# What to work on
When you copy from the entries that follow, take only the lines from the one with "settings OptimizationCC: ReuseModelBlockBuffer=off" down to the one with "note: DC Bus", keeping both ends and dropping every picture.

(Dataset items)
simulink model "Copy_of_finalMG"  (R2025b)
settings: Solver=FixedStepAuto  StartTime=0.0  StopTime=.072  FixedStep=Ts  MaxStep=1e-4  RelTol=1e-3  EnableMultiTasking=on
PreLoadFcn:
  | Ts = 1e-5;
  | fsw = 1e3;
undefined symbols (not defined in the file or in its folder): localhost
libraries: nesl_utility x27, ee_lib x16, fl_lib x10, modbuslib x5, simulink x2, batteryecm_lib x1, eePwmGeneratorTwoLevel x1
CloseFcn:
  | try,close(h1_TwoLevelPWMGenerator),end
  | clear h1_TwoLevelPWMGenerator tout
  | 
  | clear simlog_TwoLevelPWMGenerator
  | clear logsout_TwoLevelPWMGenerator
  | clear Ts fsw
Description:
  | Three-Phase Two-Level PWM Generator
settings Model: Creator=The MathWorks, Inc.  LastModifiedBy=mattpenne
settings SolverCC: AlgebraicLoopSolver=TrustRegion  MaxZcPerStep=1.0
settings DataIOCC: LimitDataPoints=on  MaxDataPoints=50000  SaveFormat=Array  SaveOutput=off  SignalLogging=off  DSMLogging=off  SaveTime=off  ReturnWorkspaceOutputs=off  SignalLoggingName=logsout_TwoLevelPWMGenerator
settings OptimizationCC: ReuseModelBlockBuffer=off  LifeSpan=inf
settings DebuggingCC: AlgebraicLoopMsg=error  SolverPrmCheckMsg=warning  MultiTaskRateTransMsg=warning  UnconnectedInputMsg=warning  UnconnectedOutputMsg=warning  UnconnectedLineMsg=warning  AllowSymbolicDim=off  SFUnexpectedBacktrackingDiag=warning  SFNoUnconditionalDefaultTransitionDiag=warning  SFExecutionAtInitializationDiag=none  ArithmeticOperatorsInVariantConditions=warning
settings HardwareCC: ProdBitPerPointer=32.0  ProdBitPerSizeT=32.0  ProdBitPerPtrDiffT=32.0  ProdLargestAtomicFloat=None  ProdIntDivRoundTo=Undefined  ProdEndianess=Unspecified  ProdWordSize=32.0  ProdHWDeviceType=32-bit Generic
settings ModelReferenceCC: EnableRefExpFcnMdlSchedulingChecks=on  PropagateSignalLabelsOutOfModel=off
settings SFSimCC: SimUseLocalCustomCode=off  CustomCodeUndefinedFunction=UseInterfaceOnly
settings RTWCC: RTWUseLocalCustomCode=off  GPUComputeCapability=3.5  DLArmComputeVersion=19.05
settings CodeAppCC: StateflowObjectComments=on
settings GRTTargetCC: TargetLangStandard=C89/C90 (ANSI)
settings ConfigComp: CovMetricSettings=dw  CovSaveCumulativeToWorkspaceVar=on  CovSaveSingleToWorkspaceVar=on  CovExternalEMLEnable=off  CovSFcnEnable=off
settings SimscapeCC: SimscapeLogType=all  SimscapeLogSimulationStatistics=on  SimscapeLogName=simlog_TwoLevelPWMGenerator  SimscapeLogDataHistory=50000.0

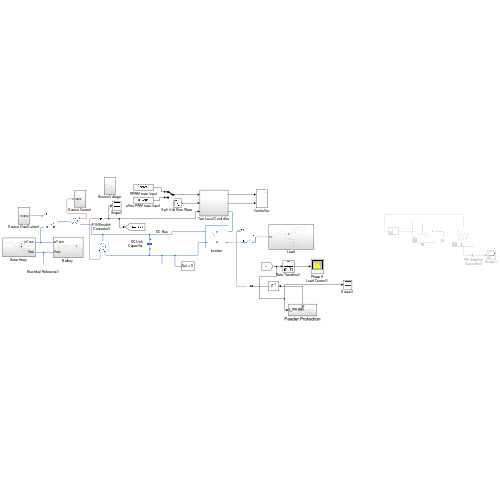
[thumbnail: Simulink's stored preview of the top-level diagram]
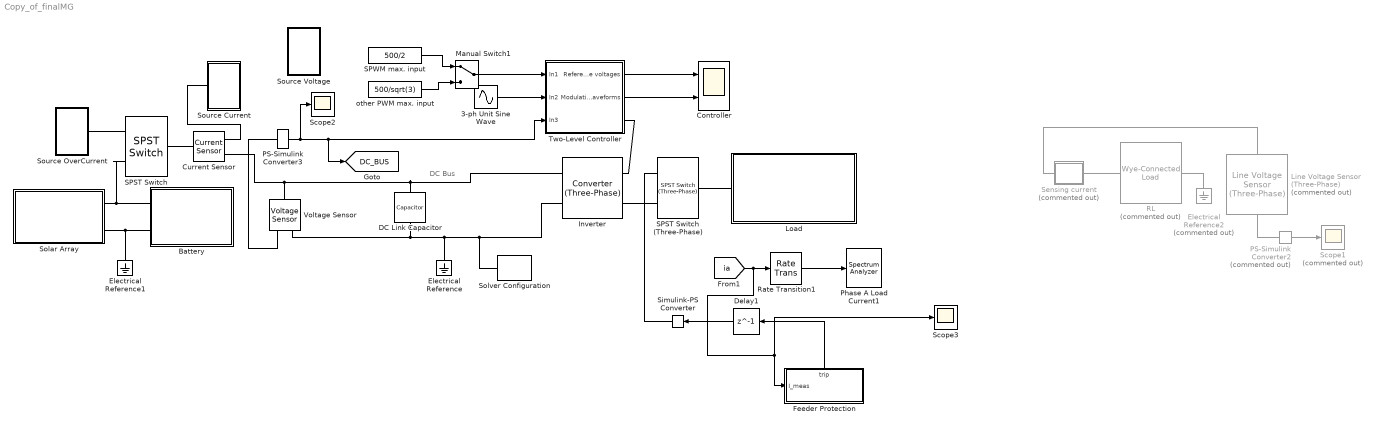
== system Copy_of_finalMG ==
  note: DC Bus
  3-ph Unit Sine Wave : Sin  Frequency=2*pi*60  Phase="[0  -2*pi/3  2*pi/3] + pi/2"  SampleTime=0
  Battery : Subsystem
  Controller : Scope  NumInputPorts=2
      settings: ActiveDisplayYMinimum=-250  ActiveDisplayYMaximum=250  DataLoggingVariableName=ScopeData2  DataLoggingSaveFormat=Array
  Current Sensor : fl_lib/Electrical/Electrical Sensors/Current Sensor
  DC Link Capacitor : ee_lib/Passive/Capacitor  cap_option=ee.enum.passive.capacitor.capOption.const  c=.001 F  Cvec=[1e-05, 1e-06] F  Vvec=[0, 10] V  CV_table_symmetry=ee.enum.passive.capacitor.tableSymmetry.yes  f_vec=[1, 10] kHz  DFext_vec=[.8, 1.2]  enable_C_tol=ee.enum.toleranceApplication.none  averaging_period=0 s  C_tol=5  tol_distribution=ee.enum.toleranceDistribution.uniform  nSigma=4  r=1e-6 Ohm  g=0 1/Ohm  enable_operating_limits=ee.enum.enable.no  operating_limit_action=ee.enum.passive.reportOpLim.warn  max_working_voltage_range=[-25, 25] V  power_rating=1 W  maxTemperature=85 degC  thermalEnable=false  thermalMass=1 J/K  i_specify=off  i_priority=None  i=0 A  i_nominal_specify=off  i_nominal_value=1  i_nominal_unit=A  v_specify=off  v_priority=None  v=0 V  v_nominal_specify=off  v_nominal_value=1  v_nominal_unit=V  vc_specify=off  vc_priority=High  vc=0 V  vc_nominal_specify=off  vc_nominal_value=1  vc_nominal_unit=V  T_specify=off  T_priority=None  T=298.15 K  T_nominal_specify=off  T_nominal_value=1  T_nominal_unit=K
  Delay1 : Delay  DelayLength=1  InitialCondition=0
  Electrical Reference : fl_lib/Electrical/Electrical Elements/Electrical Reference
  Electrical Reference1 : fl_lib/Electrical/Electrical Elements/Electrical Reference
  Electrical Reference2 : fl_lib/Electrical/Electrical Elements/Electrical Reference  Commented=on
  Feeder Protection : Subsystem
      settings: PortSchema="{\"entries\":[{\"content\":{\"sides\":[{\"content\":{\"connectorIds\":[\"In1\"]},\"type\":\"ConnectorPlacement.EquallySpacedRectSide\",\"uuid\":\"0697f356-98a9-46a1-9ee7-a2f5bd8a9ce9\"},{\"content\":{\"side\":\"RIGHT\"},\"type\":\"ConnectorPlacement.EquallySpacedRectSide\",\"uuid\":\"d4eac892-3d6d-4f1e-85a9-65422e23728d\"},{\"content\":{\"connectorIds\":[\"Out1\"],\"side\":\"TOP\"},\"type\":\"ConnectorPlacement.EquallySpacedRectSide\",\"uuid\":\"7d3e352e-ceac-4059-a935-aae4fffcf2cb\"}]},\"type\":\"ConnectorPlacement.EquallySpacedConnector\",\"uuid\":\"a2d9bf32-257e-4270-ae17-1068e4e35877\"}],\"packageUris\":[\"http://schema.mathworks.com/mf0/Connector/R2020b\"],\"version\":\"1.0\"}"
  Inverter : ee_lib/Semiconductors & Converters/Converters/Converter (Three-Phase)  port_option=ee.enum.threePhasePort.composite  fidelity_option=ee.enum.converters.fidelity.detailed  device_type=3  showThermalPort=false  K=0  Vth=0.5 V  Vgt=1 V  Vgt_off=-1 V  Ih=1 A  Vf=0.8 V  Ron=0.001 Ohm  Rds=0.001 Ohm  Goff=1e-5 1/Ohm  Eon_scalar=22.86e-3 J  Eoff_scalar=17.14e-3 J  Eoff_natural_commutation=10e-3 J  Voff=300 V  Iout_scalar=600 A  onCurrentMeasDelay=0 s  useCurrentFromPreviousCycle=false  useVoltageFromPreviousCycle=false  diode_param=2  diode_Vf=0.8 V  diode_Ron=0.001 Ohm  diode_Goff=1e-5 1/Ohm  diode_C=50 nF  diode_iRM=-235 A  diode_iF=300 A  diode_idot=-50 A/us  diode_trr_param=1  diode_trr_factor=3  diode_trr=15 us  diode_Qrr=1.5e+3 s*uA  diode_rec_loss_model=ee.enum.diode.reverseRecoveryModel.fixed  diode_ErecVal=0 J  diode_scaleWithIandV=false  diode_ErecMat=zeros(2, 3) J  diode_TjrecVec=[298.15, 398.15] K  diode_IfrecVec=[.1, 1, 10] A  diode_IrecVal=10 A  diode_VrecVal=10 V  diode_tFilter=1 / 1000 / 100 s  thermal_network_parameterization=ee.enum.thermalNetworkTopology.external  Rth=[.08, .5] K/W  Rth_Cauer=[.08, .1, .5] K/W  Rth_Foster=[.08, .14, .22, .16] K/W  thermal_mass_parameterization=ee.enum.thermalNetwork.timeconstant  thermal_mass=[.01, .5] J/K  thermal_mass_Cauer=[.01, .1, .5] J/K  thermal_mass_Foster=[.001, .005, .05, .5] J/K  thermal_time_constant=[.001, .2] s  thermal_time_constant_Cauer=[.001, .1, .2] s  thermal_time_constant_Foster=[7e-05, .0007, .01, .08] s  thermal_mass_initial_temperatures=[25, 25] degC  thermal_mass_initial_temperatures_Cauer=[25, 25, 25] degC  junction_thermal_mass=0.01 J/K  Tvec_initial_Foster=[25, 25, 25, 25] degC  snubber_type=0  Cs=1e-7 F  Rs=0.1 Ohm  Vce_loss=[0, 150, 300] V
  Line Voltage Sensor (Three-Phase) : ee_lib/Sensors & Transducers/Line Voltage Sensor (Three-Phase)  Commented=on
  Load : Subsystem
  Manual Switch1 : ManualSwitch
  PS-Simulink Converter2 : nesl_utility/PS-Simulink Converter  Commented=on  PhysicalDomain=network_engine_domain  SubClassName=ps_output  LeftPortType=input  RightPortType=output  PseudoPeriodic=off  Frequencies=[]  VectorFormat=inherit  Unit=inherit  AffineConversion=off
  PS-Simulink Converter3 : nesl_utility/PS-Simulink Converter  PhysicalDomain=network_engine_domain  SubClassName=ps_output  LeftPortType=input  RightPortType=output  PseudoPeriodic=off  Frequencies=[]  VectorFormat=inherit  Unit=inherit  AffineConversion=off
  Phase A Load Current1 : SpectrumAnalyzer  WindowPosition=[135.000000,120.000000,1010.000000,481.000000,]  ScopeFrameLocation=window  SpectrumType=RMS  Method=Welch  PlotAsTwoSidedSpectrum=off  AxesScaling=Manual  RBWSource=Property  RBW=9  Span=5000  CenterFrequency=2500  StartFrequency=0  OverlapPercent=90  AveragingMethod=Running  SpectrumUnits=Vrms  YLimits=[-6.549396466439435 13.341492111050359]  SelectedToolstripTab=spectrumAnalyzerToolstrip.channelMeasurementsTab  AllowFFTLengthLessThanSamplesPerUpdate=on
  RL : ee_lib/Passive/RLC Assemblies/Wye-Connected Load  Commented=on  port_option=ee.enum.threePhasePort.composite  parameterization=1  component_structure=4  component_structure_PQ=1  R=100 Ohm  L=0.001 H  C=1e-6 F  VRated=2.4e+4 V  FRated=60 Hz  P=1000 W  Qpos=100 V*A  Qneg=-100 V*A  R_parasitic=1e-6 Ohm  G_parasitic=1e-6 1/Ohm  R_parasitic_PQ=1e-6 Ohm  G_parasitic_PQ=1e-6 1/Ohm  Vmag0=2.4e+4 V  Vang0=0 deg  Freq0=60 Hz  IL_specify=on  IL_priority=High  IL=[ 0 0 0 ] A  IL_nominal_specify=off  IL_nominal_value=1  IL_nominal_unit=A  VC_specify=on  VC_priority=High  VC=[ 0 0 0 ] V  VC_nominal_specify=off  VC_nominal_value=1  VC_nominal_unit=V
  Rate Transition1 : RateTransition  OutPortSampleTime=1e-4
  SPST Switch : ee_lib/Switches & Breakers/SPST Switch  R_closed=0.01 Ohm  G_open=1e-6 S  Threshold=0.5 V  Width=0 V  model_dynamics=0  t_on=1e-3 s  t_off=1e-3 s  initial_vT=0 V
      settings: InternalSimscapePortConfiguration="{\"Bottom\":[],\"Left\":[{\"id\":\"vT\",\"label\":\"vT\",\"type\":\"input\"},{\"id\":\"p\",\"label\":\"\",\"type\":\"foundation.electrical.electrical\"}],\"Right\":[{\"id\":\"n\",\"label\":\"\",\"type\":\"foundation.electrical.electrical\"}],\"Top\":[]}"
  SPST Switch (Three-Phase) : ee_lib/Switches & Breakers/SPST Switch (Three-Phase)  R_closed=0.001 Ohm  G_open=1e-6 1/Ohm  threshold=0.5 V  i_vT_specify=off  i_vT_priority=None  i_vT=0 A  i_vT_nominal_specify=off  i_vT_nominal_value=1  i_vT_nominal_unit=A  I_specify=off  I_priority=None  I=[0, 0, 0] A  I_nominal_specify=off  I_nominal_value=1  I_nominal_unit=A  V_specify=off  V_priority=None  V=[0, 0, 0] V  V_nominal_specify=off  V_nominal_value=1  V_nominal_unit=V  i_a_specify=off  i_a_priority=None  i_a=0 A  i_a_nominal_specify=off  i_a_nominal_value=1  i_a_nominal_unit=A  v_a_specify=off  v_a_priority=None  v_a=0 V  v_a_nominal_specify=off  v_a_nominal_value=1  v_a_nominal_unit=V  i_b_specify=off  i_b_priority=None  i_b=0 A  i_b_nominal_specify=off  i_b_nominal_value=1  i_b_nominal_unit=A  v_b_specify=off  v_b_priority=None  v_b=0 V  v_b_nominal_specify=off  v_b_nominal_value=1  v_b_nominal_unit=V  i_c_specify=off  i_c_priority=None  i_c=0 A  i_c_nominal_specify=off  i_c_nominal_value=1  i_c_nominal_unit=A  v_c_specify=off  v_c_priority=None  v_c=0 V  v_c_nominal_specify=off  v_c_nominal_value=1  v_c_nominal_unit=V
      settings: InternalSimscapePortConfiguration="{\"Bottom\":[],\"Left\":[{\"id\":\"vT\",\"label\":\"vT\",\"type\":\"input\"},{\"id\":\"N1\",\"label\":\"~1\",\"type\":\"foundation.electrical.three_phase\"}],\"Right\":[{\"id\":\"N2\",\"label\":\"~2\",\"type\":\"foundation.electrical.three_phase\"}],\"Top\":[]}"
  SPWM max. input : Constant  Value=500/2
  Scope1 : Scope  Commented=on
      settings: ActiveDisplayYMinimum=-1.3412361067423506  ActiveDisplayYMaximum=1.8250988567194808
  Scope2 : Scope
      settings: ActiveDisplayYMinimum=-157.006255276564  ActiveDisplayYMaximum=731.00271353862377  DataLoggingVariableName=ScopeData2
  Scope3 : Scope
      settings: ActiveDisplayYMinimum=-3.9834223121719612  ActiveDisplayYMaximum=2.6570930010278939
  Sensing current : Subsystem  Commented=on
      mask Display: disp('i')
  Simulink-PS Converter : nesl_utility/Simulink-PS Converter  PhysicalDomain=network_engine_domain  SubClassName=ps_input  LeftPortType=input  RightPortType=output  PseudoPeriodic=off  Frequencies=[]  NoiseDistribution=none  NoiseParameters=[]  Unit=1  AffineConversion=off  FilteringAndDerivatives=provide  SimscapeFilterOrder=1  InputFilterTimeConstant=0.001  UdotUserProvided=0
  Solar Array : Subsystem
  Solver Configuration : nesl_utility/Solver Configuration  PhysicalDomain=network_engine_domain  SubClassName=solver  LeftPortType=input  RightPortType=generic  Tones=[]  Harmonics=[]  SimulateNoise=off  Profile=off  UseLocalSampling=off  EnableSwitchedLinearOptims=on  FrequencyDomain=off  UseCCode=off  RelTol=0.001  AbsTol=1e-06  MinStep=1e-09  ToWorkspace=off  RevertToSquareIcSolve=off  NumHomotopyIterations=100  PhasorMode=off  PhasorModeNumHarmonics=1  ConsistencySolver=NEWTON_FTOL  IndexReductionMethod=DerivativeReplacement  DoDC=off  ResidualTolerance=1e-09  ConsistencyTolSource=GLOBAL  ConsistencyAbsTol=0.001  ConsistencyRelTol=0.001  ConsistencyTolFactor=0.001  UseLocalSolver=on  LocalSolverChoice=NE_BACKWARD_EULER_ADVANCER  ResolveIndetEquations=on  FunctionEvalNumThread=1  LocalSolverSampleTime=0.0001  DoFixedCost=off  MaxNonlinIter=3  MaxModeIter=2  ComputeImpulses=off  ImpulseIterations=2  LinearAlgebra=auto  LinearAlgebraNumThread=0  EquationFormulation=NE_TIME_EF  DelaysMemoryBudget=1024  AutomaticFiltering=on  FilteringTimeConstant=0.001  PartitionStorageMethod=AS_NEEDED  PartitionMemoryBudget=1024  PartitionMethod=FAST  MultibodyUseLocalSolver=off  MultibodyLocalSolverChoice=ODE1  MultibodyLocalSolverSampleTime=0.001
  Source Current : Subsystem
  Source OverCurrent : Subsystem
  Source Voltage : Subsystem
  Two-Level Controller : Subsystem
  Voltage Sensor : fl_lib/Electrical/Electrical Sensors/Voltage Sensor
  other PWM max. input : Constant  Value=500/sqrt(3)
  tag scope: DC_BUS=global
  wires:
  other PWM max. input/1 -> Manual Switch1/2
  SPWM max. input/1 -> Manual Switch1/1
  Manual Switch1/1 -> Two-Level Controller/1(In1)
  3-ph Unit Sine Wave/1 -> Two-Level Controller/2(In2)
  PS-Simulink Converter3/1 -> Scope2/1, [DC_BUS], Two-Level Controller/3(In3)
  Two-Level Controller/1(Reference voltages) -> Controller/1
  Two-Level Controller/2(Modulation waveforms) -> Controller/2
  PS-Simulink Converter2/1 -> Scope1/1
  Rate Transition1/1 -> Phase A Load Current1/1
  Feeder Protection/1(trip) -> Delay1/1
  Delay1/1 -> Simulink-PS Converter/1
  [ia] -> Scope3/1, Feeder Protection/1(I_meas), Rate Transition1/1
  connections:
  RL/RConn1 -- Electrical Reference2/LConn1
  Line Voltage Sensor (Three-Phase)/LConn1 -- Sensing current/LConn1
  Two-Level Controller/RConn1 -- Inverter/LConn1
  PS-Simulink Converter2/LConn1 -- Line Voltage Sensor (Three-Phase)/RConn1
  Battery/LConn2 -- Solar Array/RConn2 -- Electrical Reference1/LConn1
  Voltage Sensor/RConn1 -- PS-Simulink Converter3/LConn1
  Electrical Reference/LConn1 -- Solver Configuration/RConn1 -- Inverter/RConn2 -- Voltage Sensor/RConn2 -- DC Link Capacitor/RConn1
  Battery/LConn1 -- SPST Switch/LConn2 -- Solar Array/RConn1
  Sensing current/RConn1 -- RL/LConn1
  SPST Switch (Three-Phase)/LConn2 -- Inverter/LConn2
  Simulink-PS Converter/RConn1 -- SPST Switch (Three-Phase)/LConn1
  Source OverCurrent/RConn1 -- SPST Switch/LConn1
  Source Current/LConn1 -- Current Sensor/RConn1
  DC Link Capacitor/LConn1 -- Current Sensor/RConn2 -- Voltage Sensor/LConn1 -- Inverter/RConn1
  Current Sensor/LConn1 -- SPST Switch/RConn1
  Load/LConn1 -- SPST Switch (Three-Phase)/RConn1

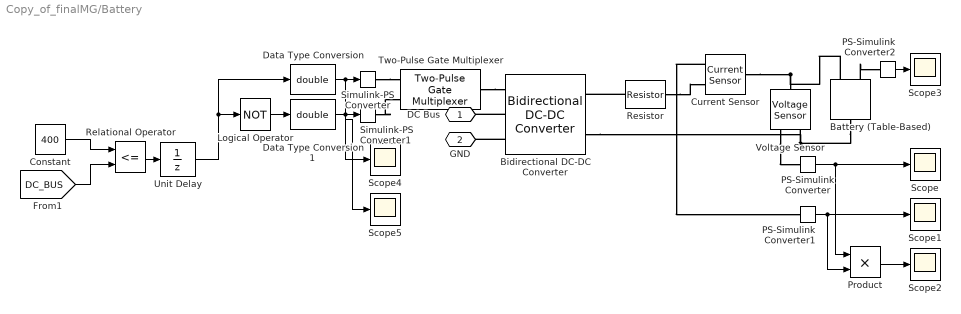
== system Copy_of_finalMG/Battery ==
  Battery (Table-Based) : batteryecm_lib/Battery (Table-Based)  SOC_vec=[0, .1, .25, .5, .75, .9, 1]  T_dependence=simscape.enum.tablebattery.temperature_dependence.yes  prm_dir=simscape.enum.tablebattery.prm_dir.noCurrentDirectionality  T_vec=[278, 293, 313] K  V0_mat=|  V0_vec=[3.5057, 3.566, 3.6337, 3.7127, 3.9259, 4.0777, 4.1928] V  V_range=[0, inf] V  R0_mat=[.0117, .0085, .009; .011, .0085, .009; .0114, .0087, .0092; .0107, .0082, .0088; .0107, .0083, .0091; .0113, .0085, .0089; .0116, .0085, .0089] Ohm  R0_vec=[.0085, .0085, .0087, .0082, .0083, .0085, .0085] Ohm  R0_dis_mat=[.0117, .0085, .009; .011, .0085, .009; .0114, .0087, .0092; .0107, .0082, .0088; .0107, .0083, .0091; .0113, .0085, .0089; .0116, .0085, .0089] Ohm  R0_dis_vec=[.0085, .0085, .0087, .0082, .0083, .0085, .0085] Ohm  R0_ch_mat=[.0117, .0085, .009; .011, .0085, .009; .0114, .0087, .0092; .0107, .0082, .0088; .0107, .0083, .0091; .0113, .0085, .0089; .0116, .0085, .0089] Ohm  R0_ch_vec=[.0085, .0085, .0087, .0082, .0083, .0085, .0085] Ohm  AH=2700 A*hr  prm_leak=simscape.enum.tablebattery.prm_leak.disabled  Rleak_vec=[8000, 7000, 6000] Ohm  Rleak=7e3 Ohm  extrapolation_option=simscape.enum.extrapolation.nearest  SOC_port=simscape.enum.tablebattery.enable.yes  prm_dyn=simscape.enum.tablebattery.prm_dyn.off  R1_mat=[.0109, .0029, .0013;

# Expected answer
settings OptimizationCC: ReuseModelBlockBuffer=off  LifeSpan=inf
settings DebuggingCC: AlgebraicLoopMsg=error  SolverPrmCheckMsg=warning  MultiTaskRateTransMsg=warning  UnconnectedInputMsg=warning  UnconnectedOutputMsg=warning  UnconnectedLineMsg=warning  AllowSymbolicDim=off  SFUnexpectedBacktrackingDiag=warning  SFNoUnconditionalDefaultTransitionDiag=warning  SFExecutionAtInitializationDiag=none  ArithmeticOperatorsInVariantConditions=warning
settings HardwareCC: ProdBitPerPointer=32.0  ProdBitPerSizeT=32.0  ProdBitPerPtrDiffT=32.0  ProdLargestAtomicFloat=None  ProdIntDivRoundTo=Undefined  ProdEndianess=Unspecified  ProdWordSize=32.0  ProdHWDeviceType=32-bit Generic
settings ModelReferenceCC: EnableRefExpFcnMdlSchedulingChecks=on  PropagateSignalLabelsOutOfModel=off
settings SFSimCC: SimUseLocalCustomCode=off  CustomCodeUndefinedFunction=UseInterfaceOnly
settings RTWCC: RTWUseLocalCustomCode=off  GPUComputeCapability=3.5  DLArmComputeVersion=19.05
settings CodeAppCC: StateflowObjectComments=on
settings GRTTargetCC: TargetLangStandard=C89/C90 (ANSI)
settings ConfigComp: CovMetricSettings=dw  CovSaveCumulativeToWorkspaceVar=on  CovSaveSingleToWorkspaceVar=on  CovExternalEMLEnable=off  CovSFcnEnable=off
settings SimscapeCC: SimscapeLogType=all  SimscapeLogSimulationStatistics=on  SimscapeLogName=simlog_TwoLevelPWMGenerator  SimscapeLogDataHistory=50000.0

[thumbnail: Simulink's stored preview of the top-level diagram]
== system Copy_of_finalMG ==
  note: DC Bus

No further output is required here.